Tyler Ennis vs Josh Hart

This time last year, the Lakers went into training camp with six guards on guaranteed or partially guaranteed contracts: Lou Williams, D’Angelo Russell, Jordan Clarkson, Nick Young, Jose Calderon and Marcelo Huertas. Of those guards, Clarkson is the only one suiting up for the Lake Show this season, unless you count Marcelo Huertas, who is suiting with the team in spirit now and forever (I do).

Clarkson will be entering the second year of a four-year, $50 million contract he signed last summer and will likely be the first guard off the bench this season behind Lonzo Ball and Kentavious Caldwell-Pope. The second guard off the bench? Your guess is as good as mine.

The Lakers have a handful of guards on their 20-man training camp roster, but with Bogut likely to make the team, guys like Vander Blue and Briante Weber are essentially auditioning for a two-way contract with another team.
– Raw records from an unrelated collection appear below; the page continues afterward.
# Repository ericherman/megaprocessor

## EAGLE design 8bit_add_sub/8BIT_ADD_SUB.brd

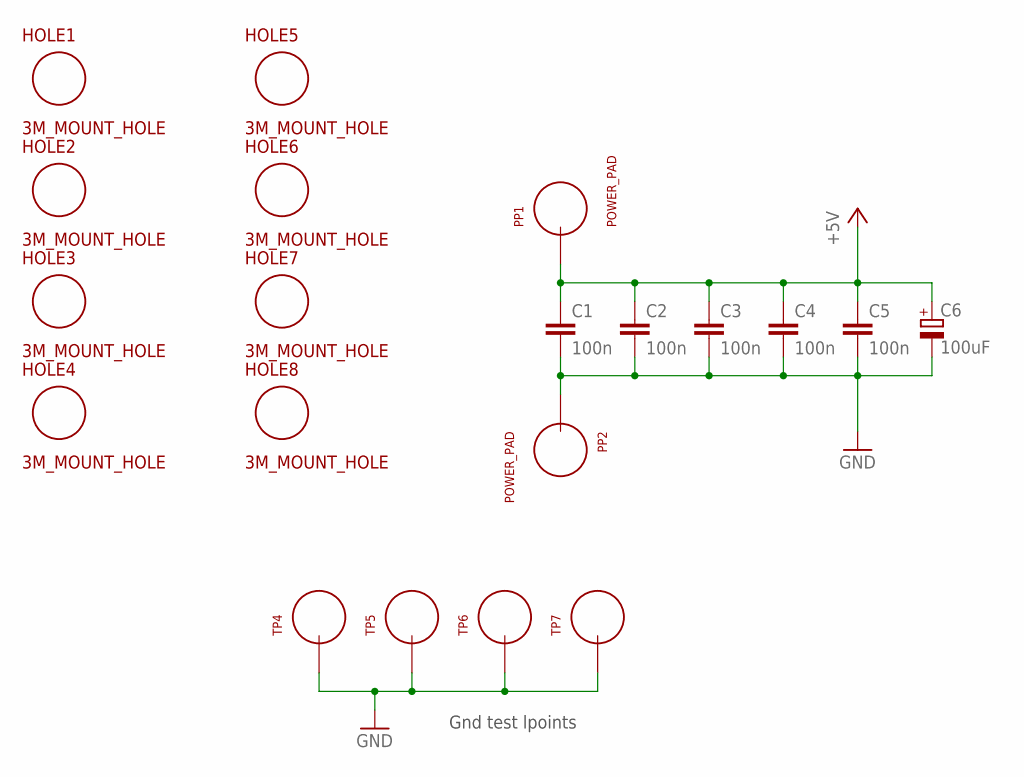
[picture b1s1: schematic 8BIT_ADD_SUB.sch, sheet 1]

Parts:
C1, C2, C3, C4, C5: 100n; CAP_P2INCH
C6: 100uF; POLARISED_CAP_2P5
HOLE1, HOLE2, HOLE3, HOLE4, HOLE5, HOLE6, HOLE7, HOLE8: 3M_MOUNT_HOLE; 3M_HOLE
PP1, PP2: POWER_PAD
TP4, TP5, TP6, TP7: TEST_LOOP

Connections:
+5V: C1.1, C2.1, C3.1, C4.1, C5.1, C6.A, PP1.1; also elsewhere on the board
GND: C1.2, C2.2, C3.2, C4.2, C5.2, C6.K, PP2.1, TP4.P$1, TP5.P$1, TP6.P$1, TP7.P$1; also elsewhere on the board

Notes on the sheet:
Gnd test lpoints

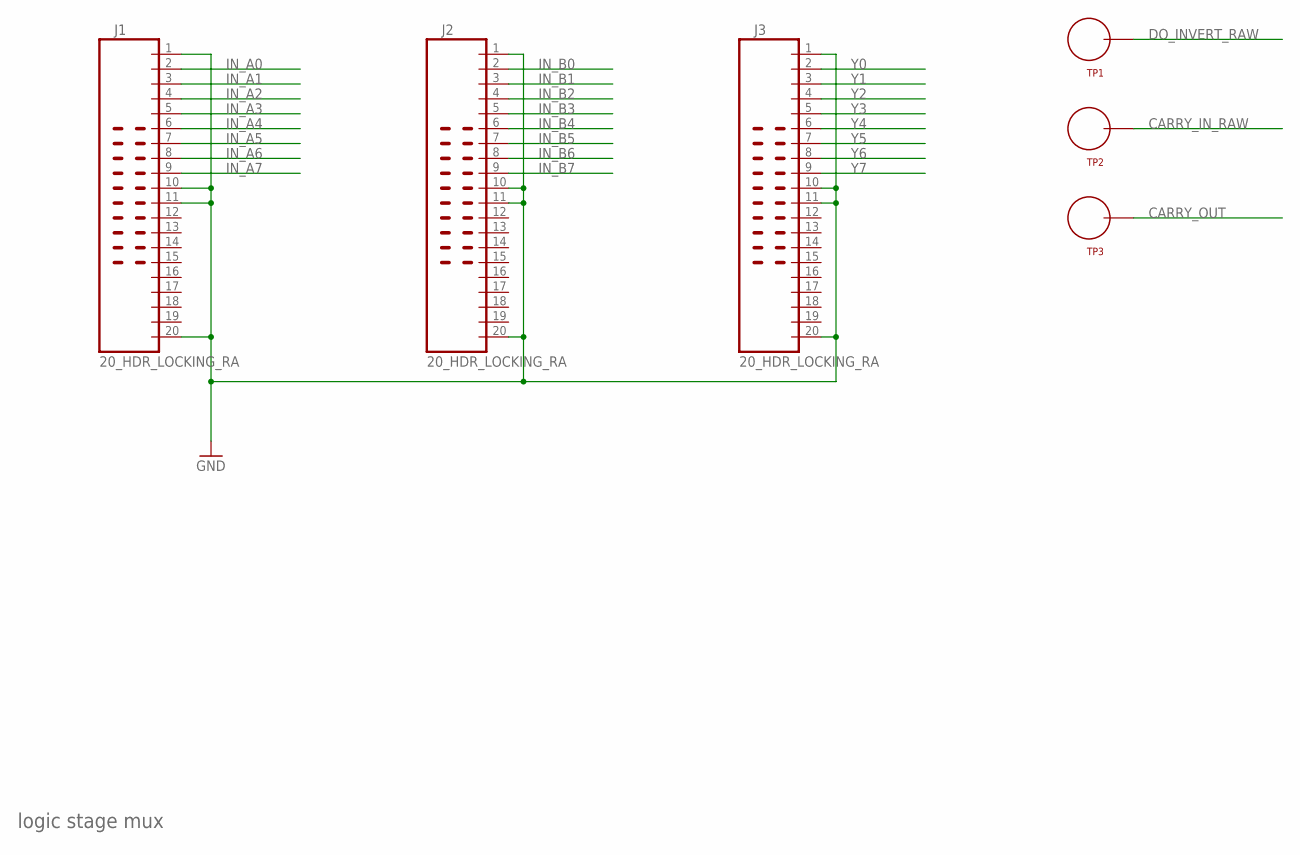
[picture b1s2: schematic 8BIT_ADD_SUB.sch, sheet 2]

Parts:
J1, J2, J3: 20_HDR_LOCKING_RA
TP1, TP2, TP3: TEST_LOOP

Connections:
CARRY_IN_RAW: TP2.P$1; also elsewhere on the board
CARRY_OUT: TP3.P$1; also elsewhere on the board
DO_INVERT_RAW: TP1.P$1; also elsewhere on the board
GND: J1.1, J1.10, J1.11, J1.20, J2.1, J2.10, J2.11, J2.20, J3.1, J3.10, J3.11, J3.20; also elsewhere on the board
IN_A0: J1.2; also elsewhere on the board
IN_A1: J1.3; also elsewhere on the board
IN_A2: J1.4; also elsewhere on the board
IN_A3: J1.5; also elsewhere on the board
IN_A4: J1.6; also elsewhere on the board
IN_A5: J1.7; also elsewhere on the board
IN_A6: J1.8; also elsewhere on the board
IN_A7: J1.9; also elsewhere on the board
IN_B0: J2.2; also elsewhere on the board
IN_B1: J2.3; also elsewhere on the board
IN_B2: J2.4; also elsewhere on the board
IN_B3: J2.5; also elsewhere on the board
IN_B4: J2.6; also elsewhere on the board
IN_B5: J2.7; also elsewhere on the board
IN_B6: J2.8; also elsewhere on the board
IN_B7: J2.9; also elsewhere on the board
Y0: J3.2; also elsewhere on the board
Y1: J3.3; also elsewhere on the board
Y2: J3.4; also elsewhere on the board
Y3: J3.5; also elsewhere on the board
Y4: J3.6; also elsewhere on the board
Y5: J3.7; also elsewhere on the board
Y6: J3.8; also elsewhere on the board
Y7: J3.9; also elsewhere on the board

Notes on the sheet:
logic stage mux

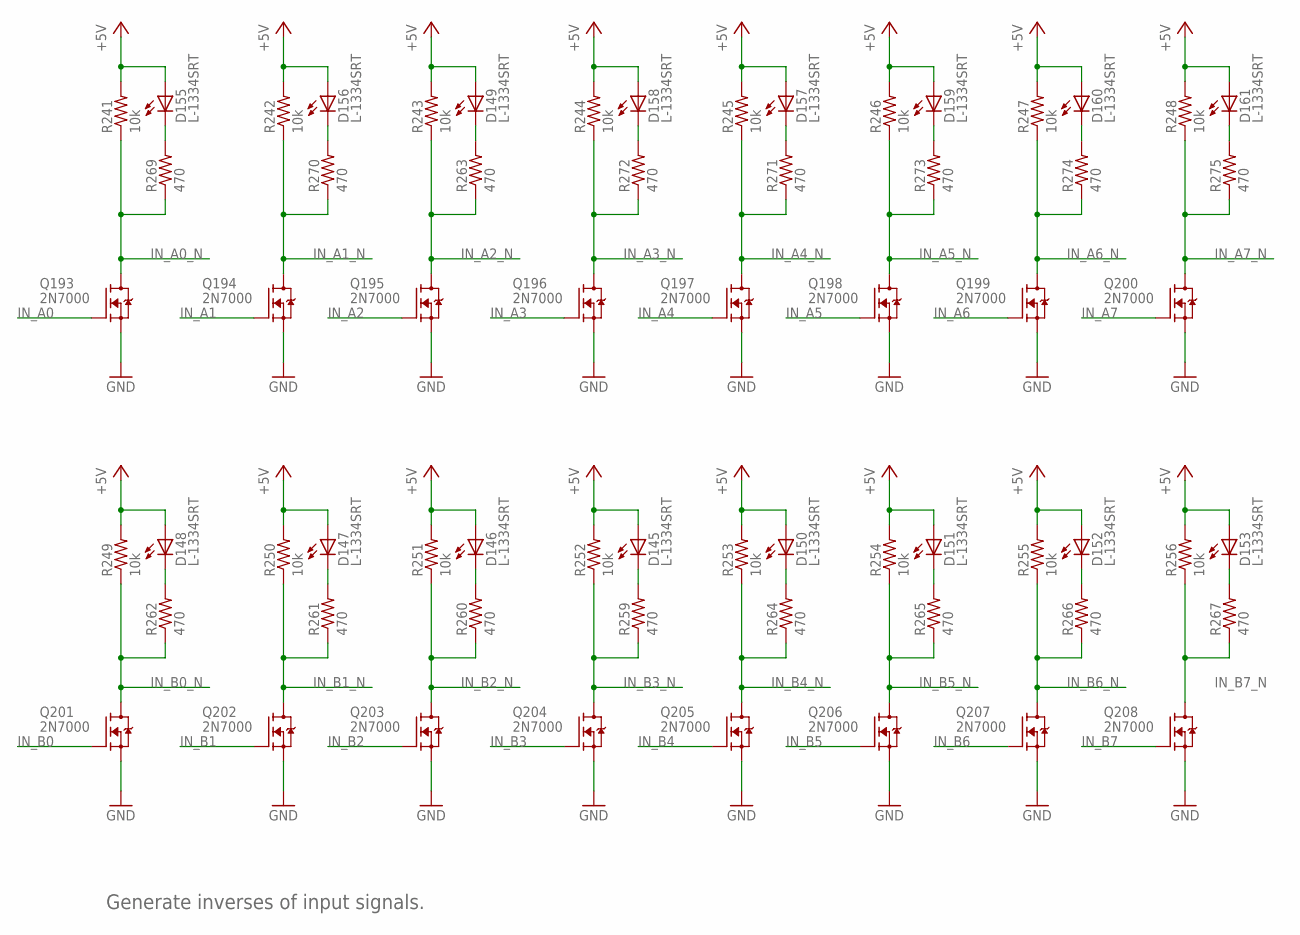
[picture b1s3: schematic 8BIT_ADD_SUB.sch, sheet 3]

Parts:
D145, D146, D147, D148, D149, D150, D151, D152, D153, D155, D156, D157, D158, D159, D160, D161: L-1334SRT; LED3MM
Q193, Q194, Q195, Q196, Q197, Q198, Q199, Q200, Q201, Q202, Q203, Q204, Q205, Q206, Q207, Q208: 2N7000; TO92-DGS
R241, R242, R243, R244, R245, R246, R247, R248, R249, R250, R251, R252, R253, R254, R255, R256: 10k; R_P2INCH
R259, R260, R261, R262, R263, R264, R265, R266, R267, R269, R270, R271, R272, R273, R274, R275: 470; R_P2INCH

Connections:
+5V: D145.A, D146.A, D147.A, D148.A, D149.A, D150.A, D151.A, D152.A, D153.A, D155.A, D156.A, D157.A, D158.A, D159.A, D160.A, D161.A, R241.2, R242.2, R243.2, R244.2, R245.2, R246.2, R247.2, R248.2, R249.2, R250.2, R251.2, R252.2, R253.2, R254.2, R255.2, R256.2; also elsewhere on the board
GND: Q193.S, Q194.S, Q195.S, Q196.S, Q197.S, Q198.S, Q199.S, Q200.S, Q201.S, Q202.S, Q203.S, Q204.S, Q205.S, Q206.S, Q207.S, Q208.S; also elsewhere on the board
IN_A0: Q193.G; also elsewhere on the board
IN_A0_N: Q193.D, R241.1, R269.1; also elsewhere on the board
IN_A1: Q194.G; also elsewhere on the board
IN_A1_N: Q194.D, R242.1, R270.1; also elsewhere on the board
IN_A2: Q195.G; also elsewhere on the board
IN_A2_N: Q195.D, R243.1, R263.1; also elsewhere on the board
IN_A3: Q196.G; also elsewhere on the board
IN_A3_N: Q196.D, R244.1, R272.1; also elsewhere on the board
IN_A4: Q197.G; also elsewhere on the board
IN_A4_N: Q197.D, R245.1, R271.1; also elsewhere on the board
IN_A5: Q198.G; also elsewhere on the board
IN_A5_N: Q198.D, R246.1, R273.1; also elsewhere on the board
IN_A6: Q199.G; also elsewhere on the board
IN_A6_N: Q199.D, R247.1, R274.1; also elsewhere on the board
IN_A7: Q200.G; also elsewhere on the board
IN_A7_N: Q200.D, R248.1, R275.1; also elsewhere on the board
IN_B0: Q201.G; also elsewhere on the board
IN_B0_N: Q201.D, R249.1, R262.1; also elsewhere on the board
IN_B1: Q202.G; also elsewhere on the board
IN_B1_N: Q202.D, R250.1, R261.1; also elsewhere on the board
IN_B2: Q203.G; also elsewhere on the board
IN_B2_N: Q203.D, R251.1, R260.1; also elsewhere on the board
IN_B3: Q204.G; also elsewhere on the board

Aside from Clarkson, Ball and KCP, the Lakers only have two guards on guaranteed contracts; Josh Hart and Tyler Ennis. While very close in age, Hart and Ennis took two very different paths to the NBA.

Lakers fans are already pretty familiar with Ennis, who was acquired at the deadline last season. The 23-year-old guard out of Syracuse University was solid in his 22 games with the Lakers, earning himself a one-year contract this summer to stay in Los Angeles. His best stretch of games came in April, when he averaged 11.3 points, 3.6 assists and 1.3 rebounds in 27.7 minutes. Should he put up similar numbers in a smaller role, he should have no problem cracking the rotation. That is unless rookie Josh Hart is as NBA-ready as he looked during his senior year at Villanova.

Hart was drafted with the No. 30 pick in the draft and was immediately received with open arms by Lakers fans because of the name he made for himself in college. During his four years at Villanova, Hart racked up more than a handful of accolades, including a national title in 2016, the Julius Erving Award, given to college basketball’s best small forward, Big East Player of the Year, Big East Co-Defensive Player of the Year and was named one of the four finalists for the Naismith Player of the Year Award in 2017. And that was just his senior year.

Unfortunately, Hart’s already at a disadvantage going into training camp. He missed crucial playing time in summer league because of a nagging ankle injury and his first game in over six months is going to be against a team looking to compete for a title. Regardless of how good he was in college, that’s not an easy transition to make. But if Hart comes back showing the same intensity he played with his senior year, Luke Walton will have no problem finding time for the rookie.

***

This year’s training camp promises to be exciting. Fans will get their first look at the new and improved starting lineup, featuring a ripped Julius Randle, a stronger Brandon Ingram with a tweaked shot form, a passing wizard in Lonzo Ball and two talented two-way players with all the financial motivation they need before hitting the open market next summer.

The Lakes tip-off against the Timberwolves at 7 p.m. PST on Saturday, Sept. 30.